2. Sanık aşamalardaki savunmasında özetle, tanık …’nün kendisine borcunun bulunması nedeniyle tanıktan aldığı suça konu çeki aracını satın aldığı katılana verdiğini, çekin çalıntı ve sahte olduğunu bilmediği beyan etmiştir.
3. Katılan aşamalarda özetle, 71 ED 283 plaka sayılı aracı sanığa sattığını, karşılığında sanıktan aldığı suça konu çekin çalıntı olması nedeniyle parasını tahsil edemediğini, sanığın aracın bedelini ödemediği gibi aracı da iade etmediğini beyan etmiştir.
4. Tanık … aşamalarda özetle, bilgisi ve rızası dışında, imzasız ve boş olarak elinden çıkan suça konu çeki sanığa vermediğini, sanığı tanıdığını ancak sanığa borcunun olmadığını beyan etmiştir.
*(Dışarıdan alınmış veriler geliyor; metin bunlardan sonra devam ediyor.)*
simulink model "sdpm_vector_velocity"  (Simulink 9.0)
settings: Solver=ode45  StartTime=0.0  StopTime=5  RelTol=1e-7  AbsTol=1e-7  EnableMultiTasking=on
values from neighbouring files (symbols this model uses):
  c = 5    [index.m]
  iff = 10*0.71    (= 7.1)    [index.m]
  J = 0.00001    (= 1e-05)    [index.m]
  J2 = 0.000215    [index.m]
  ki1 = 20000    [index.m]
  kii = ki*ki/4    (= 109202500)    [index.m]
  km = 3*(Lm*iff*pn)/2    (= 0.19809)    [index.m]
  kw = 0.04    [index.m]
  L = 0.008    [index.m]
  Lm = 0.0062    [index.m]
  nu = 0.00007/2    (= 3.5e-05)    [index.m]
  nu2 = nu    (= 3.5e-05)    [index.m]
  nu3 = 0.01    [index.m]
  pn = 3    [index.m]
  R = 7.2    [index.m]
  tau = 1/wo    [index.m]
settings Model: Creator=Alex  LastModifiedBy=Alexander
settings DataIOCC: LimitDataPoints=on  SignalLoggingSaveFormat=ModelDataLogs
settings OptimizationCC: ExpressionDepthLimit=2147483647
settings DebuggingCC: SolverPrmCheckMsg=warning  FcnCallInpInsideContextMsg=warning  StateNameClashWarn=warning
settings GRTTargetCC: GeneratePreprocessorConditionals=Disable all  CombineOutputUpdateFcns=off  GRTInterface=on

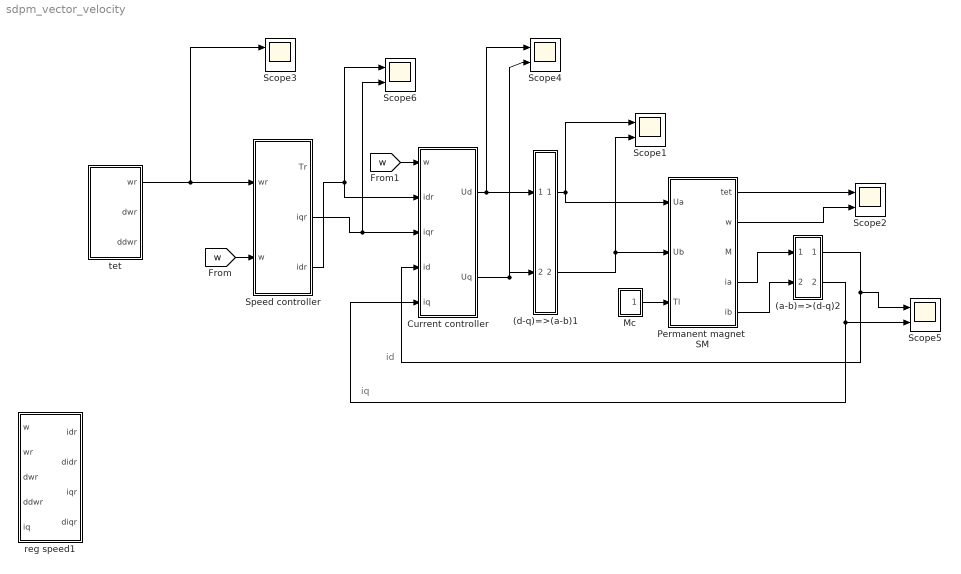
== system sdpm_vector_velocity ==
  note: id
  note: iq
  (a-b)=>(d-q)2 : Subsystem
  (d-q)=>(a-b)1 : Subsystem
  Current controller : Subsystem
  Mc : Subsystem  mask{te=1, td=1.5, Mc=0}
      mask prompts: te "Enable time"; td "Disable time"
  Permanent magnet  SM : Subsystem
  Scope{1..6} (6 alike) : Scope  NumInputPorts=2
  Speed controller : Subsystem
  reg speed1 : Subsystem  mask{kw=100, J=0.003, km=0.636, ktet=0}
      mask init:
      | kwi=(kw*kw)/2
  tet : Subsystem  mask{wrmax=1000, ta=0.5, ka=0.2, tcon=1, tex=0.5}
      mask prompts: wrmax "Final speed value"; ta "Ramp time"; ka "Coef. smooth"; tcon "Const speed time"; tex "Excitation time"
  wires:
  Mc/1(Mc) -> Permanent magnet  SM/3(Tl)
  tet/1(wr) -> Scope3/1, Speed controller/1(wr)
  Current controller/2(Uq) -> (d-q)=>(a-b)1/2("q "), Scope4/2
  (d-q)=>(a-b)1/2(b) -> Scope1/2, Permanent magnet  SM/2(Ub)
  (d-q)=>(a-b)1/1(a) -> Scope1/1, Permanent magnet  SM/1(Ua)
  (a-b)=>(d-q)2/2(q) -> Scope5/2, Current controller/5(iq)
  Speed controller/2("iqr  ") -> Scope6/2, Current controller/3(iqr)
  Current controller/1(Ud) -> Scope4/1, (d-q)=>(a-b)1/1(d)
  (a-b)=>(d-q)2/1(d) -> Scope5/1, Current controller/4(id)
  Speed controller/3(idr) -> Scope6/1, Current controller/2(idr)
  [w] -> Speed controller/2("w ")
  [w] -> Current controller/1(w)
  Permanent magnet  SM/1(tet) -> Scope2/1
  Permanent magnet  SM/2(w) -> Scope2/2
  Permanent magnet  SM/4(ia) -> (a-b)=>(d-q)2/1(a)
  Permanent magnet  SM/5(ib) -> (a-b)=>(d-q)2/2("b ")

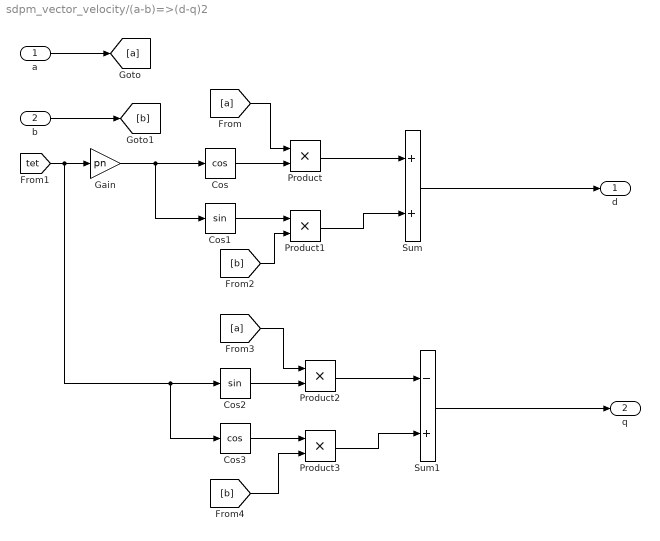
== system sdpm_vector_velocity/(a-b)=>(d-q)2 ==
  a : Inport
  "b " : Inport  Port=2
  Cos : Trigonometry  Operator=cos
  Cos1 : Trigonometry
  Cos2 : Trigonometry
  Cos3 : Trigonometry  Operator=cos
  Gain : Gain  Gain=pn
  Product{,1..3} (4 alike) : Product
  Sum : Sum
  Sum1 : Sum  Inputs=-+
  d : Outport
  q : Outport  Port=2
  wires:
  [b] -> Product1/2
  [b] -> Product3/2
  a/1 -> [a]
  [a] -> Product/1
  Sum/1 -> d/1
  [a] -> Product2/1
  Sum1/1 -> q/1
  Cos3/1 -> Product3/1
  Product3/1 -> Sum1/2
  Product/1 -> Sum/1
  Product2/1 -> Sum1/1
  Gain/1 -> Cos1/1, Cos/1
  Product1/1 -> Sum/2
  Cos1/1 -> Product1/1
  "b "/1 -> [b]
  Cos/1 -> Product/2
  [tet] -> Cos3/1, Cos2/1, Gain/1
  Cos2/1 -> Product2/2

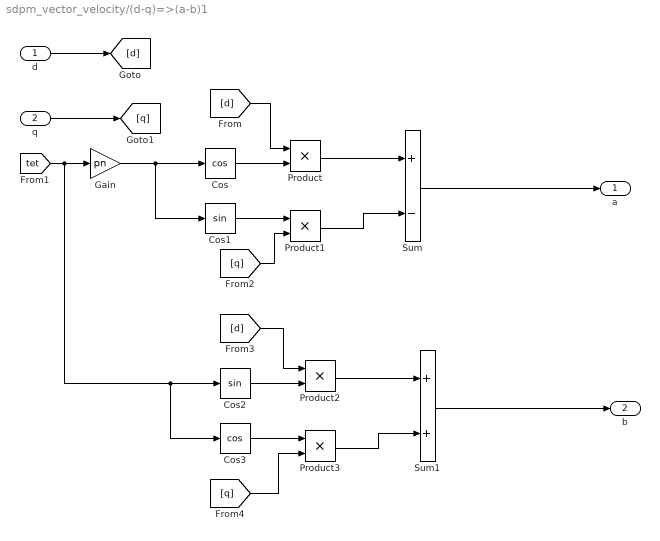
== system sdpm_vector_velocity/(d-q)=>(a-b)1 ==
  d : Inport
  "q " : Inport  Port=2
  Cos : Trigonometry  Operator=cos
  Cos1 : Trigonometry
  Cos2 : Trigonometry
  Cos3 : Trigonometry  Operator=cos
  Gain : Gain  Gain=pn
  Product{,1..3} (4 alike) : Product
  Sum : Sum  Inputs=+-
  Sum1 : Sum
  a : Outport
  b : Outport  Port=2
  wires:
  Gain/1 -> Cos1/1, Cos/1
  Cos/1 -> Product/2
  Product/1 -> Sum/1
  Cos1/1 -> Product1/1
  Product1/1 -> Sum/2
  Sum/1 -> a/1
  Product2/1 -> Sum1/1
  Cos2/1 -> Product2/2
  Sum1/1 -> b/1
  [tet] -> Cos3/1, Cos2/1, Gain/1
  Product3/1 -> Sum1/2
  Cos3/1 -> Product3/1
  d/1 -> [d]
  "q "/1 -> [q]
  [d] -> Product/1
  [q] -> Product1/2
  [d] -> Product2/1
  [q] -> Product3/2

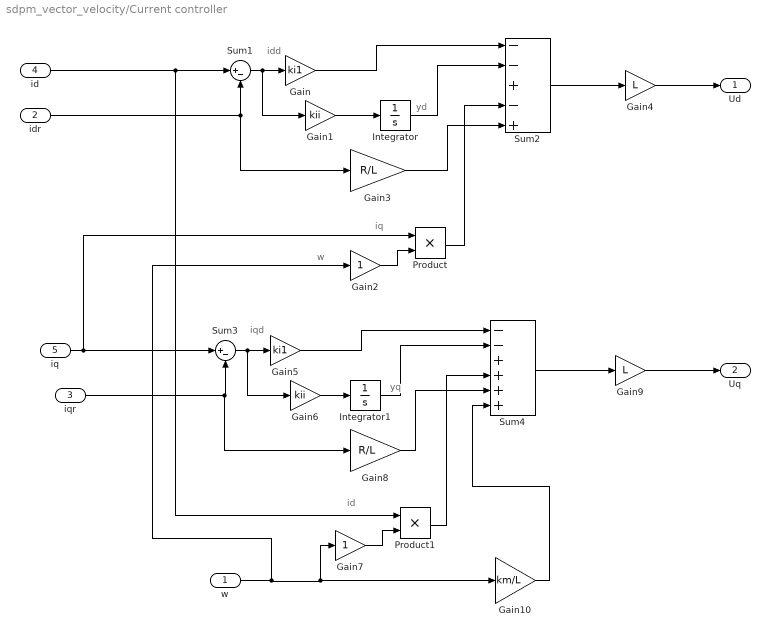
== system sdpm_vector_velocity/Current controller ==
  note: yq
  note: iqd
  note: yd
  note: idd
  note: w
  note: iq
  note: id
  w : Inport
  idr : Inport  Port=2
  iqr : Inport  Port=3
  id : Inport  Port=4
  iq : Inport  Port=5
  Gain : Gain  Gain=ki1
  Gain1 : Gain  Gain=kii
  Gain10 : Gain  Gain=km/L
  Gain2 : Gain
  Gain3 : Gain  Gain=R/L
  Gain4 : Gain  Gain=L
  Gain5 : Gain  Gain=ki1
  Gain6 : Gain  Gain=kii
  Gain7 : Gain
  Gain8 : Gain  Gain=R/L
  Gain9 : Gain  Gain=L
  Integrator : Integrator
  Integrator1 : Integrator
  Product : Product
  Product1 : Product
  Sum1 : Sum  Inputs=|+-
  Sum2 : Sum  Inputs=--+-+
  Sum3 : Sum  Inputs=|+-
  Sum4 : Sum  Inputs=--++++
  Ud : Outport
  Uq : Outport  Port=2
  wires:
  Product/1 -> Sum2/4
  Sum2/1 -> Gain4/1
  w/1 -> Gain7/1, Gain10/1, Gain2/1
  Integrator1/1 -> Sum4/2
  Gain7/1 -> Product1/2
  Gain8/1 -> Sum4/5
  Sum4/1 -> Gain9/1
  Gain9/1 -> Uq/1
  Product1/1 -> Sum4/4
  Gain6/1 -> Integrator1/1
  Sum3/1 -> Gain5/1, Gain6/1
  iqr/1 -> Sum3/2, Gain8/1
  Gain5/1 -> Sum4/1
  Gain4/1 -> Ud/1
  idr/1 -> Sum1/2, Gain3/1
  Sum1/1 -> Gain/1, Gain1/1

5. Soruşturma ve kovuşturma aşamalarında alınan kriminal raporlarda; suça konu çekin ön yüzündeki yazılar ve keşideci imzasının …’nün eli ürünü olmadığı, ön yüzündeki yazıların sanığın elinden çıkmış olmasının mümkün ve muhtemel olduğu, keşideci imzasının sanığın elinden çıktığını gösterir nitelik ve yeterlilikte uygun kaligrafik bulguların tespit edilemediği, arka yüzündeki “…” yazısı ve altındaki ciranta imzasının sanığın eli ürünü olduğu belirtilmiş.
6. Suça konu çekin bağlı bulunduğu hesap sahibi şirketin suç tarihindeki yetkilisi tanık …’nün 07.04.2011 tarihinde ilgili banka şubesine ihbarda bulunduğu, sanığın 06.04.2011 tarihinde satış yoluyla devraldığı 71 ED 283 plaka sayılı aracı 14.04.2011 tarihinde farklı bir kişiye satıp devrettiği anlaşılmıştır.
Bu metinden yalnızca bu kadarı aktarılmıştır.